Thursday, March 10, 2011

'The Real World Las Vegas' Season 25 Premiere Recap


'The Real World' has chosen to mark its 25th season in the sinningest of cities -- Las Vegas.

Nearly a decade after the first go-round in Sin City, though, the latest 'Real World' installment doesn't really seem all that scandalous.

Sure, the cast is young, tan, beautiful, reality-TV savvy and, most of all, drunk. But in a post-'Jersey Shore' world, is that enough anymore?

The cast is predictably diverse, chock full of small-town girls, country bumpkins and street-smart PYTs. Honestly, this first episode seems specifically designed to air clips of the castmates making bold statements like "I will not go to a strip club" and " I don't want to hook up with my roommates" simply to foreshadow the fact that those things will inevitably happen at some point during the season.

The house, as always, looks like the most glorious Ikea showroom ever, only with working fixtures and a puzzlingly large amount of aquariums.

First impressions-wise, the roommates don't seem terribly interesting.

  Naomi was introduced as the requisite hardened city girl, but she seems relatively sweet and quiet during this episode and in the scenes from the rest of the season. At the very least, she seems like a good ally for Nany (or, conversely, an enabler rooting for Nany to cheat on her boyfriend).

  Speaking of Nany, the drop-dead gorgeous community college student is pretty much the spitting image of Daniella Alonso, amIrite? She has a boyfriend of six years, so the logical question is how long until she cheats with Adam?

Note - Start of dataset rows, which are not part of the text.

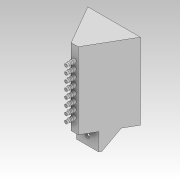
# Autodesk Inventor part: Manifold_8
Saved by Autodesk Inventor 2020 (Build 240168000, 168)
## iProperties
Created: 2020-08-02
Part Number: Manifold_8
Material: Generic
Document SubType Name: Modeling
Designer: DDeGo
Density: 1 g/cm^3
Appearance: Default
Author: DDeGo
Autodesk Inventor part; units mm, degrees
ref_plane "YZ Plane" through (0, 0, 0) normal (1, 0, 0) x (0, 1, 0)
ref_plane "XZ Plane" through (0, 0, 0) normal (0, 1, 0) x (-1, 0, 0)
ref_plane "XY Plane" through (0, 0, 0) normal (0, 0, 1) x (1, 0, 0)
sketch "Sketch1" plane through (0, 0, 0) normal (1, 0, 0) x (0, 1, 0)
  line L0 (1.75, 10) -> (1.05, 10)
  line L1 (0, 0) -> (0, 10) construction
  line L2 (0, 10) -> (1.05, 10) construction
  line L3 (1.8198, 8) -> (2.2759, 6.4097)
  line L4 (2.2759, 6.4097) -> (1.8759, 6.3957)
  line L5 (1.9282, 4.8957) -> (2.3843, 3.3053)
  line L6 (2.3843, 3.3053) -> (1.9843, 3.2914)
  line L7 (1.8759, 6.3957) -> (1.8198, 8) construction
  line L8 (1.8198, 8) -> (1.75, 10)
  line L9 (1.9282, 4.8957) -> (1.8759, 6.3957)
  line L10 (1.9843, 3.2914) -> (1.9282, 4.8957) construction
  line L11 (2.0992, 0) -> (1.9843, 3.2914)
  line L12 (1.05, 10) -> (1.05, 0)
  line L13 (1.05, 0) -> (2.0992, 0)
  line L14 (1.05, 0) -> (0, 0) construction
  dimension "d0" = 1.75
  dimension "d1" = 0.7
  dimension "d3" = 0.4
  dimension "d5" = 10
  dimension "d6" = 2
  dimension "d7" = 1.5
  dimension "d14" = 14
  dimension "d48" = 2
  constraints: 30 end point, 12 perpendicular, 2 horizontal, 2 parallel, 2 vertical
  measures "d0" distance of L1.end L0.start
  measures "d1" distance of L0.start L0.end
  measures "d3" horizontal distance of L3.end L4.end
  measures "d5" vertical distance of L11.start L0.start
  measures "d6" vertical distance of L0.end L3.start
  measures "d7" vertical distance of L4.end L5.start
  measures "d14" angle of L3 L7
  measures "d48" angle of L12 L8
revolve "Revolution1" add sketch "Sketch1" angle 360 about axis through (0, 0, 0) along (0, 0, 1)
pattern_linear "Rectangular Pattern1" count 8 spacing 8 along (0, 1, 0) of "Revolution1"
sketch "Sketch5" plane through (0, 0, 0) normal (0, 0, -1) x (-1, 0, 0)
  line L0 (4, 60) -> (-4, 60)
  line L1 (-4, 60) -> (-4, -4)
  line L2 (-4, -4) -> (4, -4)
  line L3 (4, -4) -> (4, 60)
  circle A0 centre (0, 56) radius 1.05 projected
  circle A1 centre (0, 48) radius 1.05 projected
  circle A2 centre (0, 40) radius 1.05 projected
  circle A3 centre (0, 32) radius 1.05 projected
  circle A4 centre (0, 24) radius 1.05 projected
  circle A5 centre (0, 16) radius 1.05 projected
  circle A6 centre (0, 8) radius 1.05 projected
  circle A7 centre (0, 0) radius 1.05 projected
  dimension "d50" = 4
  dimension "d51" = 4
  dimension "d55" = 4
  dimension "d56" = 4
  constraints: 8 end point, 2 parallel, 1 horizontal, 1 perpendicular
  measures "d50" distance from line of point (0, 0) L3
  measures "d51" distance from line of L1 point (0, 0)
  measures "d55" distance from line of L0 A0.centre
  measures "d56" distance from line of L2 point (0, 0)
extrude "Extrusion3" add sketch "Sketch5" along normal blind 8
ref_plane "Work Plane1" through (0, 0, -4) normal (0, 0, -1) x (-1, 0, 0)
sketch "Sketch6" plane through (-4, -4, 0) normal (0, -1, 0) x (1, 0, 0)
  line L0 (5.05, -8) -> (2.95, -8) construction
  circle A0 centre (4, -4) radius 1.75
  line L1 (9.6, -4) -> (-1.6, -4) construction
  line L2 (8, -8) -> (0, -8) projected
  line L3 (4, -8) -> (4, 0) construction
  dimension "d59" = 3.5
  constraints: 3 midpoint, 2 end point, 1 centre point, 1 coincident, 1 vertical
  measures "d59" diameter of A0
extrude "Extrusion4" cut sketch "Sketch6" against normal through all
sketch "Sketch7" plane through (0, 0, -8) normal (0, 0, -1) x (-1, 0, 0)
  circle A0 centre (0, 0) radius 1.05 projected
  line L0 (4, -4) -> (4, 60) projected
  line L1 (4, 60) -> (-4, 60) projected
  line L2 (-4, 60) -> (-4, -4) projected
  line L3 (-4, -4) -> (4, -4) projected
  circle A1 centre (0, 0) radius 1.05 projected
  circle A2 centre (0, 8) radius 1.05 projected
  circle A3 centre (0, 16) radius 1.05 projected
  circle A4 centre (0, 24) radius 1.05 projected
  circle A5 centre (0, 32) radius 1.05 projected
  circle A6 centre (0, 40) radius 1.05 projected
  circle A7 centre (0, 48) radius 1.05 projected
  circle A8 centre (0, 56) radius 1.05 projected
extrude "Extrusion5" add sketch "Sketch7" against normal up to surface contours A0 | A2 | A3 | A4 | A5 | A6 | A7 | A8 round surface about axis through (0, -4, -4) along (0, 1, 0) radius 1.75 far side no
sketch "Sketch10" plane through (-4, -4, 0) normal (0, -1, 0) x (1, 0, 0)
  line L0 (20.3187, -16.469) -> (-14.4175, -16.469)
  line L1 (-14.4175, -16.469) -> (-14.4175, -4)
  line L2 (-14.4175, -4) -> (20.3187, -4)
  line L3 (20.3187, -4) -> (20.3187, -16.469)
  circle A0 centre (4, -4) radius 1.75 projected
  point P0 (4, 0)
  constraints: 8 end point, 2 parallel, 1 horizontal, 1 perpendicular, 1 point on line
extrude "Extrusion6" cut sketch "Sketch10" against normal through all contours L0 L1 L2 A0 L3 | A0 L2 picked at (3.6188, -4.8908)
sketch "Sketch11" plane through (-4, -4, 0) normal (0, -1, 0) x (1, 0, 0)
  line L0 (4, 0) -> (4, -45) construction
  line L1 (4, -45) -> (-24.8451, -45) construction
  line L2 (-26, -45) -> (0, 0)
  line L3 (0, 0) -> (4, 0)
  arc A0 (5.75, -4) -> (2.25, -4) centre (4, -4) ccw projected
  line L4 (0, -4) -> (2.25, -4) construction
  line L5 (2.25, -4) -> (-4.3616, -9.5478)
  line L6 (-4.3616, -9.5478) -> (-24.8451, -45)
  line L7 (-24.8451, -45) -> (-26, -45)
  line L8 (34, -45) -> (8, 0)
  line L9 (8, 0) -> (4, 0)
  line L10 (5.75, -4) -> (12.3616, -9.5478)
  line L11 (12.3616, -9.5478) -> (32.8451, -45)
  line L12 (32.8451, -45) -> (34, -45)
  dimension "d90" = 45
  dimension "d92" = 30
  dimension "d93" = 40
  dimension "d94" = 1
  constraints: 24 end point, 4 symmetric about line, 2 perpendicular, 1 parallel, 1 vertical
  measures "d90" distance of L0.start L0.end
  measures "d92" distance from line of L0 L2.start
  measures "d93" angle of L4 L5
  measures "d94" distance between parallel lines of L2 L6
extrude "Extrusion7" add sketch "Sketch11" along normal blind 10
sketch "Sketch12" plane through (-4, -4, 0) normal (0, 1, 0) x (1, 0, 0)
  line L0 (0, 4) -> (2.25, 4) projected
  line L1 (-4.3616, 9.5478) -> (2.25, 4) projected
  line L2 (-24.8451, 45) -> (-4.3616, 9.5478) projected
  line L3 (-26, 45) -> (-24.8451, 45) projected
  line L4 (0, 0) -> (-26, 45) projected
  line L5 (0, 0) -> (0, 4) projected
  line L6 (5.75, 4) -> (8, 4) projected
  line L7 (8, 0) -> (8, 4) projected
  line L8 (34, 45) -> (8, 0) projected
  line L9 (32.8451, 45) -> (34, 45) projected
  line L10 (12.3616, 9.5478) -> (32.8451, 45) projected
  line L11 (5.75, 4) -> (12.3616, 9.5478) projected
  point P0 (4, 0)
extrude "Extrusion8" add sketch "Sketch12" along normal up to surface (64 mm away)
sketch "Sketch13" plane through (-4, 60, 0) normal (0, 1, 0) x (1, 0, 0)
  arc A0 (2.25, 4) -> (5.75, 4) centre (4, 4) ccw projected
  line L0 (-4.3616, 9.5478) -> (2.25, 4) projected
  line L1 (-24.8451, 45) -> (-4.3616, 9.5478) projected
  line L2 (-26, 45) -> (-24.8451, 45) projected
  line L3 (0, 0) -> (-26, 45) projected
  line L4 (0, 0) -> (8, 0) projected
  line L5 (34, 45) -> (8, 0) projected
  line L6 (32.8451, 45) -> (34, 45) projected
  line L7 (12.3616, 9.5478) -> (32.8451, 45) projected
  line L8 (5.75, 4) -> (12.3616, 9.5478) projected
  point P0 (4, 0)
extrude "Extrusion9" add sketch "Sketch13" along normal blind 10
sketch "Sketch14" plane through (-4, 70, 0) normal (0, 1, 0) x (1, 0, 0)
  line L0 (-26, 45) -> (-24.8451, 45) projected
  line L1 (8, 0) -> (34, 45) projected
  line L2 (-26, 45) -> (34, 45)
  line L3 (-26, 45) -> (0, 0) projected
  line L4 (0, 0) -> (8, 0) projected
  point P0 (4, 0)
  constraints: 2 end point, 1 horizontal
extrude "Extrusion10" add sketch "Sketch14" along normal blind 1.5
sketch "Sketch15" plane through (-4, -14, 0) normal (0, -1, 0) x (1, 0, 0)
  line L0 (8, 0) -> (34, -45) projected
  line L1 (-26, -45) -> (0, 0) projected
  line L2 (34, -45) -> (-26, -45)
  line L3 (8, 0) -> (0, 0) projected
  point P0 (4, 0)
  constraints: 2 end point, 1 horizontal
extrude "Extrusion11" add sketch "Sketch15" along normal blind 1.5
sketch "Sketch16" plane through (-4, -14, 0) normal (0, 1, 0) x (1, 0, 0)
  arc A0 (2.25, 4) -> (5.75, 4) centre (4, 4) ccw projected
  line L0 (2.25, 4) -> (5.75, 4)
  point P0 (4, 0)
  constraints: 2 end point, 1 horizontal
extrude "Extrusion12" add sketch "Sketch16" along normal blind 10
sketch "Sketch17" plane through (-4, 70, 0) normal (0, -1, 0) x (1, 0, 0)
  arc A0 (5.75, -4) -> (2.25, -4) centre (4, -4) ccw projected
  line L0 (5.75, -4) -> (2.25, -4)
  point P0 (4, 0)
  constraints: 2 end point, 1 horizontal
extrude "Extrusion13" add sketch "Sketch17" along normal blind 10
fillet "Fillet8" radius 5 8 edges at (5.0558, -14, -6.7739) (18.6033, -14, -27.2739) (-5.0558, -14, -6.7739) (-18.6033, -14, -27.2739) (5.0558, 70, -6.7739) (18.6033, 70, -27.2739) (-5.0558, 70, -6.7739) (-18.6033, 70, -27.2739)
chamfer "Chamfer1" distance 1.7 distance2 4 1 edges at (0, -4, -4) measured on face at (0, -4, -3.5)
chamfer "Chamfer2" distance 1.7 distance2 4 1 edges at (0, 60, -4) measured on face at (0, 60, -3.5)
sketch "Sketch18" plane through (-4, -15.5, 0) normal (0, -1, 0) x (1, 0, 0)
  line L0 (8, 0) -> (34, -45) construction
  line L1 (16.5, -14.7115) -> (-8.5, -14.7115)
  line L2 (-8.5, -14.7115) -> (-8.5, -17.2115)
  line L3 (-8.5, -17.2115) -> (16.5, -17.2115)
  line L4 (16.5, -17.2115) -> (16.5, -14.7115)
  line L5 (0, 0) -> (-26, -45) construction
  point P0 (4, 0)
  dimension "d113" = 25
  dimension "d114" = 2.5
  constraints: 8 end point, 2 parallel, 2 point on line, 1 horizontal, 1 perpendicular
  measures "d113" distance of L1.start L1.end
  measures "d114" distance of L1.end L2.end
extrude "Extrusion14" add sketch "Sketch18" along normal blind 20
sketch "Sketch19" plane through (-12.5, -15.5, -17.2115) normal (-1, 0, 0) x (0, 0, 1)
  line L0 (2.5, 0) -> (-27.7885, 0) construction
  line L1 (2.5, -20) -> (0, -20) projected
  line L2 (-14.0042, 0) -> (0, -20)
  line L3 (0, -20) -> (2.5, -20)
  line L4 (0, 0) -> (2.5, 0) projected
  line L5 (2.5, -20) -> (2.5, 0)
  line L6 (2.5, 0) -> (-14.0042, 0)
  point P0 (17.2115, 15.5)
  dimension "d117" = 55
  constraints: 8 end point, 2 perpendicular, 1 collinear, 1 point on line
  measures "d117" angle of L0 L2
extrude "Extrusion15" add sketch "Sketch19" along normal up to surface surface through (-4, -4, 0) normal (-0.8658651, 0, 0.5002776)
mirror "Mirror1" about plane through (0, 0, 0) normal (1, 0, 0) of "Extrusion15"
fillet "Fillet9" radius 3 3 edges at (12.5, -25.5, -17.2115) (-12.5, -25.5, -17.2115) (0, -15.5, -17.2115)
sketch "Sketch20" plane through (9.5, -35.5, -17.2115) normal (0, 0, -1) x (-1, 0, 0)
  line L0 (-3, 0) -> (22, 0) construction
  line L1 (9.5, 0) -> (9.5, 10) construction
  circle A0 centre (9.5, 10) radius 2.75
  point P0 (9.5, 35.5)
  dimension "d121" = 10
  dimension "d122" = 5.5
  constraints: 2 end point, 1 centre point, 1 coincident, 1 midpoint, 1 vertical
  measures "d121" distance of L1.start L1.end
  measures "d122" diameter of A0
extrude "Extrusion16" cut sketch "Sketch20" against normal through all
body "Solid1"

  Adam was shot and spent three years in juvy. He is a bad boy, yet insists on telling girls that he's shy and has no game while slyly admitting in the confessional that he usually has seven girlfriends at a time.

After the first roommate night out, Adam told Nany that it was the first time he picked up a girl from a bar. Coincidentally, last night was the first night I wasted three hours watching meaningless reality television instead of doing something intellectually stimulating like reading a book. Oh wait, NEITHER OF THOSE THINGS ARE EVEN REMOTELY TRUE.

  Dustin seems like the aw shucks country boy of the group, yet is hiding a secret from his roommates -- he is straight, but has done gay porn. Ronnie-style, he insisted he didn't want to date a roommate yet ended up hooking up with Heather in what appears to be a by-the-books showmance. Of course this happened.

  Heather is from a town near my hometown in South Jersey, so I can't tell if I am predisposed to love or hate her. She seems nice, so I'm going to go with "love" until further notice.

  Leroy is kind of intimidating. He has a really deep voice, and personally I find it really difficult to look into the eyes of a person with abs that chiseled. He appears to love the ladies, and the ladies appear to love him back. They at least seem pleased with the opportunity to do laundry on his stomach.

Side note: He is a trash man in real life! That is the best, most un-glamorous job ever.

  Finally, we have Michael. Michael, Michael, Michael. He's the innocent Christian of the season, who only lost his virginity a few months ago and tries to woo trashy chicks he brings back from the club with prayer. I can't decide whether he's adorable or creepily naieve. I'm leaning toward adorable, but I can't help but feel a little secondhand embarrassment watching him try to keep up with the cool kids he's rooming with.

The premiere episode antics might've been shocking at one point in time, but seeing attractive people party and bring randoms home to their sweet-ass suite is old hat by now. Plus, you really know what you're getting into when you realize that these are the types of people who wear their sunglasses at night. Also, Leroy and Adam both participated in (separate) three-way kisses. Is that still a thing? I guess only on MTV reality shows.

However, Dustin's "I want you to make mistakes so you can learn from them" speech to Michael was the most oddly convincing argument for sin that I've ever heard. Sign me up!

But, really, I already watch one show about twentysomethings hooking up in nightclubs and then hooking up later in hot tubs. Do I really need another? 'Real World Las Vegas' round two is at least better than the snooze-fest of 'DC,' but they've got to throw some sort of plot device in the mix to keep me tuning in.